Now the icing on cake is that WD gives you recertified drive as replacement so basically if you are unlucky to get a very hot running model inside your My Book 8TB model then you will immediately want to get it replaced & then you will get a recertified drive so basically WD is tricking you into buying a brand new defective product & then replace it with a recertified product. I somehow managed to get it returned on Tata Cliq(that is another long story to tell but at least in the end they helped me much more than WD) but I am not going to leave this matter without highlighting it on all the places I can to warn potential buyers of WD's so called "good after sales support" which I also used to believe before this incident. In fact seagate I found out is much better because they at least not try to play a game of thrones with their customers in the sense that all their external drive models are quite consistent so either you get usual slower running SMR model(for capacities up to 8TB) or faster hotter running(but not this much hot) CMR model(for capacities 10TB & above). In short do not believe in so called WD good after sales support & definitely do not buy any WD My Book 8TB or above model from any place without a solid 10 days no questions asked replacement(aka amazon only).

@ofabhishek @Desmond David @Vyom @SaiyanGoku @omega44-xt @Nerevarine 

P.S. Temporarily making it a sticky until this post get enough attention as I think it deserves it. From now on I will never buy any WD external drive where I do not know which hdd model I will get inside.


----------



## Desmond (Nov 6, 2020)

Well, I miss dk_wd now.


----------



## whitestar_999 (Nov 6, 2020)

@Raaabo @Anorion Maybe we can raise this issue with WD as it is clearly significant, a major brand selling inherently defective products in India which runs risk of catching fire is something which should not happen.


----------



## Nerevarine (Nov 6, 2020)

This is surprising as all of my WD RMAs were brand new drives. Quite unfortunate, really.


----------



## whitestar_999 (Nov 6, 2020)

Nerevarine said:


> This is surprising as all of my WD RMAs were brand new drives. Quite unfortunate, really.

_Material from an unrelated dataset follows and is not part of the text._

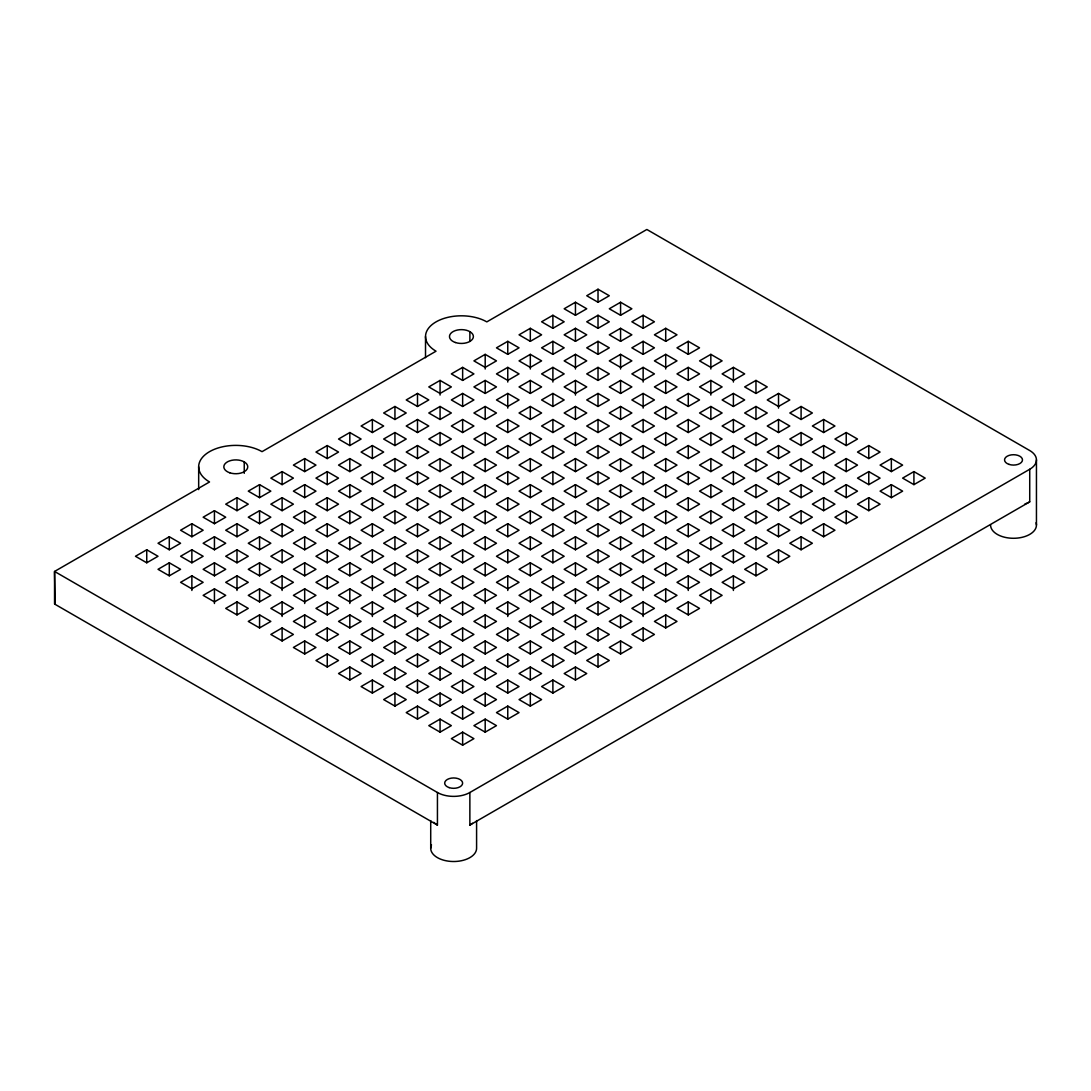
<?xml version="1.0" encoding="UTF-8"?>
<svg xmlns="http://www.w3.org/2000/svg" width="1091" height="1091" viewBox="0 0 1091 1091"><rect width="100%" height="100%" fill="white"/><g stroke="black" fill="none" stroke-linecap="round" stroke-linejoin="round"><path stroke-width="1.5" d="M146.739 549.769L135.461 556.274L146.739 562.792L158.018 556.274L146.739 549.769L146.739 562.792M169.296 536.745L158.018 543.25L169.296 549.769L180.588 543.25L169.296 536.745L169.296 549.769M191.866 523.707L180.588 530.226L191.866 536.745L203.144 530.226L191.866 523.707L191.866 536.745M214.436 510.683L203.144 517.202L214.436 523.707L225.714 517.202L214.436 510.683L214.436 523.707M236.992 497.66L225.714 504.165L236.992 510.683L248.271 504.165L236.992 497.66L236.992 510.683M259.563 484.636L248.271 491.141L259.563 497.66L270.841 491.141L259.563 484.636L259.563 497.66M282.119 471.598L270.841 478.117L282.119 484.636L293.397 478.117L282.119 471.598L282.119 484.636M304.689 458.575L293.397 465.093L304.689 471.598L315.967 465.093L304.689 458.575L304.689 471.598M327.245 445.551L315.967 452.056L327.245 458.575L338.537 452.056L327.245 445.551L327.245 458.575M349.816 432.527L338.537 439.032L349.816 445.551L361.094 439.032L349.816 432.527L349.816 445.551M372.372 419.49L361.094 426.008L372.372 432.527L383.664 426.008L372.372 419.49L372.372 432.527M394.942 406.466L383.664 412.984L394.942 419.49L406.22 412.984L394.942 406.466L394.942 419.49M417.498 393.442L406.22 399.947L417.498 406.466L428.79 399.947L417.498 393.442L417.498 406.466M440.068 380.418L428.79 386.923L440.068 393.442L451.347 386.923L440.068 380.418L440.068 395.065M462.639 367.381L451.347 373.899L462.639 380.418L473.917 373.899L462.639 367.381L462.639 380.418M485.195 354.357L473.917 360.876L485.195 367.381L496.473 360.876L485.195 354.357L485.195 369.017M507.765 341.333L496.473 347.838L507.765 354.357L519.043 347.838L507.765 341.333L507.765 354.357M530.321 328.309L519.043 334.814L530.321 341.333L541.6 334.814L530.321 328.309L530.321 341.333M552.892 315.272L541.6 321.79L552.892 328.309L564.17 321.79L552.892 315.272L552.892 328.309M575.448 302.248L564.17 308.767L575.448 315.272L586.74 308.767L575.448 302.248L575.448 315.272M598.018 289.224L586.74 295.743L598.018 302.248L609.296 295.743L598.018 289.224L598.018 302.248M169.296 562.792L158.018 569.311L169.296 575.816L180.588 569.311L169.296 562.792L169.296 575.816M191.866 549.769L180.588 556.274L191.866 562.792L203.144 556.274L191.866 549.769L191.866 562.792M214.436 536.745L203.144 543.25L214.436 549.769L225.714 543.25L214.436 536.745L214.436 549.769M236.992 523.707L225.714 530.226L236.992 536.745L248.271 530.226L236.992 523.707L236.992 536.745M259.563 510.683L248.271 517.202L259.563 523.707L270.841 517.202L259.563 510.683L259.563 523.707M282.119 497.66L270.841 504.165L282.119 510.683L293.397 504.165L282.119 497.66L282.119 510.683M304.689 484.636L293.397 491.141L304.689 497.66L315.967 491.141L304.689 484.636L304.689 497.66M327.245 471.598L315.967 478.117L327.245 484.636L338.537 478.117L327.245 471.598L327.245 484.636M349.816 458.575L338.537 465.093L349.816 471.598L361.094 465.093L349.816 458.575L349.816 471.598M372.372 445.551L361.094 452.056L372.372 458.575L383.664 452.056L372.372 445.551L372.372 458.575M394.942 432.527L383.664 439.032L394.942 445.551L406.22 439.032L394.942 432.527L394.942 445.551M417.498 419.49L406.22 426.008L417.498 432.527L428.79 426.008L417.498 419.49L417.498 432.527M440.068 406.466L428.79 412.984L440.068 419.49L451.347 412.984L440.068 406.466L440.068 419.49M462.639 393.442L451.347 399.947L462.639 406.466L473.917 399.947L462.639 393.442L462.639 406.466M485.195 380.418L473.917 386.923L485.195 393.442L496.473 386.923L485.195 380.418L485.195 393.442M507.765 367.381L496.473 373.899L507.765 380.418L519.043 373.899L507.765 367.381L507.765 382.041M530.321 354.357L519.043 360.876L530.321 367.381L541.6 360.876L530.321 354.357L530.321 369.017M552.892 341.333L541.6 347.838L552.892 354.357L564.17 347.838L552.892 341.333L552.892 354.357M575.448 328.309L564.17 334.814L575.448 341.333L586.74 334.814L575.448 328.309L575.448 341.333M598.018 315.272L586.74 321.79L598.018 328.309L609.296 321.79L598.018 315.272L598.018 328.309M620.574 302.248L609.296 308.767L620.574 315.272L631.866 308.767L620.574 302.248L620.574 315.272M191.866 575.816L180.588 582.335L191.866 588.84L203.144 582.335L191.866 575.816L191.866 590.476M214.436 562.792L203.144 569.311L214.436 575.816L225.714 569.311L214.436 562.792L214.436 575.816M236.992 549.769L225.714 556.274L236.992 562.792L248.271 556.274L236.992 549.769L236.992 562.792M259.563 536.745L248.271 543.25L259.563 549.769L270.841 543.25L259.563 536.745L259.563 549.769M282.119 523.707L270.841 530.226L282.119 536.745L293.397 530.226L282.119 523.707L282.119 536.745M304.689 510.683L293.397 517.202L304.689 523.707L315.967 517.202L304.689 510.683L304.689 523.707M327.245 497.66L315.967 504.165L327.245 510.683L338.537 504.165L327.245 497.66L327.245 510.683M349.816 484.636L338.537 491.141L349.816 497.66L361.094 491.141L349.816 484.636L349.816 497.66M372.372 471.598L361.094 478.117L372.372 484.636L383.664 478.117L372.372 471.598L372.372 484.636M394.942 458.575L383.664 465.093L394.942 471.598L406.22 465.093L394.942 458.575L394.942 471.598M417.498 445.551L406.22 452.056L417.498 458.575L428.79 452.056L417.498 445.551L417.498 458.575M440.068 432.527L428.79 439.032L440.068 445.551L451.347 439.032L440.068 432.527L440.068 445.551M462.639 419.49L451.347 426.008L462.639 432.527L473.917 426.008L462.639 419.49L462.639 432.527M485.195 406.466L473.917 412.984L485.195 419.49L496.473 412.984L485.195 406.466L485.195 419.49M507.765 393.442L496.473 399.947L507.765 406.466L519.043 399.947L507.765 393.442L507.765 408.089M530.321 380.418L519.043 386.923L530.321 393.442L541.6 386.923L530.321 380.418L530.321 393.442M552.892 367.381L541.6 373.899L552.892 380.418L564.17 373.899L552.892 367.381L552.892 382.041M575.448 354.357L564.17 360.876L575.448 367.381L586.74 360.876L575.448 354.357L575.448 369.017M598.018 341.333L586.74 347.838L598.018 354.357L609.296 347.838L598.018 341.333L598.018 354.357M620.574 328.309L609.296 334.814L620.574 341.333L631.866 334.814L620.574 328.309L620.574 341.333M643.144 315.272L631.866 321.79L643.144 328.309L654.423 321.79L643.144 315.272L643.144 328.309M214.436 588.84L203.144 595.359L214.436 601.877L225.714 595.359L214.436 588.84L214.436 603.5M236.992 575.816L225.714 582.335L236.992 588.84L248.271 582.335L236.992 575.816L236.992 590.476M259.563 562.792L248.271 569.311L259.563 575.816L270.841 569.311L259.563 562.792L259.563 575.816M282.119 549.769L270.841 556.274L282.119 562.792L293.397 556.274L282.119 549.769L282.119 562.792M304.689 536.745L293.397 543.25L304.689 549.769L315.967 543.25L304.689 536.745L304.689 549.769M327.245 523.707L315.967 530.226L327.245 536.745L338.537 530.226L327.245 523.707L327.245 536.745M349.816 510.683L338.537 517.202L349.816 523.707L361.094 517.202L349.816 510.683L349.816 523.707M372.372 497.66L361.094 504.165L372.372 510.683L383.664 504.165L372.372 497.66L372.372 510.683M394.942 484.636L383.664 491.141L394.942 497.66L406.22 491.141L394.942 484.636L394.942 497.66M417.498 471.598L406.22 478.117L417.498 484.636L428.79 478.117L417.498 471.598L417.498 484.636M440.068 458.575L428.79 465.093L440.068 471.598L451.347 465.093L440.068 458.575L440.068 471.598M462.639 445.551L451.347 452.056L462.639 458.575L473.917 452.056L462.639 445.551L462.639 458.575M485.195 432.527L473.917 439.032L485.195 445.551L496.473 439.032L485.195 432.527L485.195 445.551M507.765 419.49L496.473 426.008L507.765 432.527L519.043 426.008L507.765 419.49L507.765 432.527M530.321 406.466L519.043 412.984L530.321 419.49L541.6 412.984L530.321 406.466L530.321 419.49M552.892 393.442L541.6 399.947L552.892 406.466L564.17 399.947L552.892 393.442L552.892 406.466M575.448 380.418L564.17 386.923L575.448 393.442L586.74 386.923L575.448 380.418L575.448 395.065M598.018 367.381L586.74 373.899L598.018 380.418L609.296 373.899L598.018 367.381L598.018 380.418M620.574 354.357L609.296 360.876L620.574 367.381L631.866 360.876L620.574 354.357L620.574 369.017M643.144 341.333L631.866 347.838L643.144 354.357L654.423 347.838L643.144 341.333L643.144 354.357M665.715 328.309L654.423 334.814L665.715 341.333L676.993 334.814L665.715 328.309L665.715 341.333M236.992 601.877L225.714 608.383L236.992 614.901L248.271 608.383L236.992 601.877L236.992 614.901M259.563 588.84L248.271 595.359L259.563 601.877L270.841 595.359L259.563 588.84L259.563 601.877M282.119 575.816L270.841 582.335L282.119 588.84L293.397 582.335L282.119 575.816L282.119 590.476M304.689 562.792L293.397 569.311L304.689 575.816L315.967 569.311L304.689 562.792L304.689 575.816M327.245 549.769L315.967 556.274L327.245 562.792L338.537 556.274L327.245 549.769L327.245 562.792M349.816 536.745L338.537 543.25L349.816 549.769L361.094 543.25L349.816 536.745L349.816 549.769M372.372 523.707L361.094 530.226L372.372 536.745L383.664 530.226L372.372 523.707L372.372 536.745M394.942 510.683L383.664 517.202L394.942 523.707L406.22 517.202L394.942 510.683L394.942 523.707M417.498 497.66L406.22 504.165L417.498 510.683L428.79 504.165L417.498 497.66L417.498 510.683M440.068 484.636L428.79 491.141L440.068 497.66L451.347 491.141L440.068 484.636L440.068 497.66M462.639 471.598L451.347 478.117L462.639 484.636L473.917 478.117L462.639 471.598L462.639 484.636M485.195 458.575L473.917 465.093L485.195 471.598L496.473 465.093L485.195 458.575L485.195 471.598M507.765 445.551L496.473 452.056L507.765 458.575L519.043 452.056L507.765 445.551L507.765 458.575M530.321 432.527L519.043 439.032L530.321 445.551L541.6 439.032L530.321 432.527L530.321 445.551M552.892 419.49L541.6 426.008L552.892 432.527L564.17 426.008L552.892 419.49L552.892 432.527M575.448 406.466L564.17 412.984L575.448 419.49L586.74 412.984L575.448 406.466L575.448 419.49M598.018 393.442L586.74 399.947L598.018 406.466L609.296 399.947L598.018 393.442L598.018 406.466M620.574 380.418L609.296 386.923L620.574 393.442L631.866 386.923L620.574 380.418L620.574 393.442M643.144 367.381L631.866 373.899L643.144 380.418L654.423 373.899L643.144 367.381L643.144 382.041M665.715 354.357L654.423 360.876L665.715 367.381L676.993 360.876L665.715 354.357L665.715 369.017M688.271 341.333L676.993 347.838L688.271 354.357L699.549 347.838L688.271 341.333L688.271 354.357M259.563 614.901L248.271 621.42L259.563 627.925L270.841 621.42L259.563 614.901L259.563 627.925M282.119 601.877L270.841 608.383L282.119 614.901L293.397 608.383L282.119 601.877L282.119 616.524M304.689 588.84L293.397 595.359L304.689 601.877L315.967 595.359L304.689 588.84L304.689 603.5M327.245 575.816L315.967 582.335L327.245 588.84L338.537 582.335L327.245 575.816L327.245 588.84M349.816 562.792L338.537 569.311L349.816 575.816L361.094 569.311L349.816 562.792L349.816 575.816M372.372 549.769L361.094 556.274L372.372 562.792L383.664 556.274L372.372 549.769L372.372 562.792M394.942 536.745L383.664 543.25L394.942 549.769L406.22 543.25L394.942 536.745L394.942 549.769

As far as I know WD changed their policy to give new drives & started giving re-certified drives same as seagate a few years back.


----------



## quicky008 (Nov 6, 2020)

that's really unfortunate-i was under the impression that WD is one of the few reliable hdd brands in the country,hence bought many of their drives over the last few years.

i dont know why but most reputable brands always try to give the shaft to their customers in 3rd world countries like india-it seems they dont care what we think of them or whether we buy their products or not.


----------



## Desmond (Nov 6, 2020)

Are re-certified drives refurbished? In that case I think they won't be winning the Digit Icons of Trust award XD


----------



## SaiyanGoku (Nov 6, 2020)

Wasn't looking to buy higher capacity drives anytime soon, now would just avoid them all together. 

Sent from my ONEPLUS A3003 using Tapatalk


----------



## Extreme Gamer (Nov 7, 2020)

Damn, I had no idea WD was offering you a recertified drive as a replacement. Seriously man, what the...

Now I'm worried what will happen if my drives fail. Mine don't exactly run at the lowest of temps - 40-50C on average, because they're seeding terabytes of data at any given time.


----------



## Nerevarine (Nov 7, 2020)

So what's the consensus to buy new HDDs now ?
WD, Seagate and Toshiba are all the same. I guess we are back to square one?


----------



## whitestar_999 (Nov 7, 2020)

Desmond David said:


> Are re-certified drives refurbished? In that case I think they won't be winning the Digit Icons of Trust award XD


Re-certified is basically a more polite way of saying refurbished.


----------



## whitestar_999 (Nov 7, 2020)

quicky008 said:


> that's really unfortunate-i was under the impression that WD is one of the few reliable hdd brands in the country,hence bought many of their drives over the last few years.
> 
> i dont know why but most major brands always try to give the shaft to their customers in 3rd world countries like india-it seems they dont care what we think of them or whether we buy their products or not.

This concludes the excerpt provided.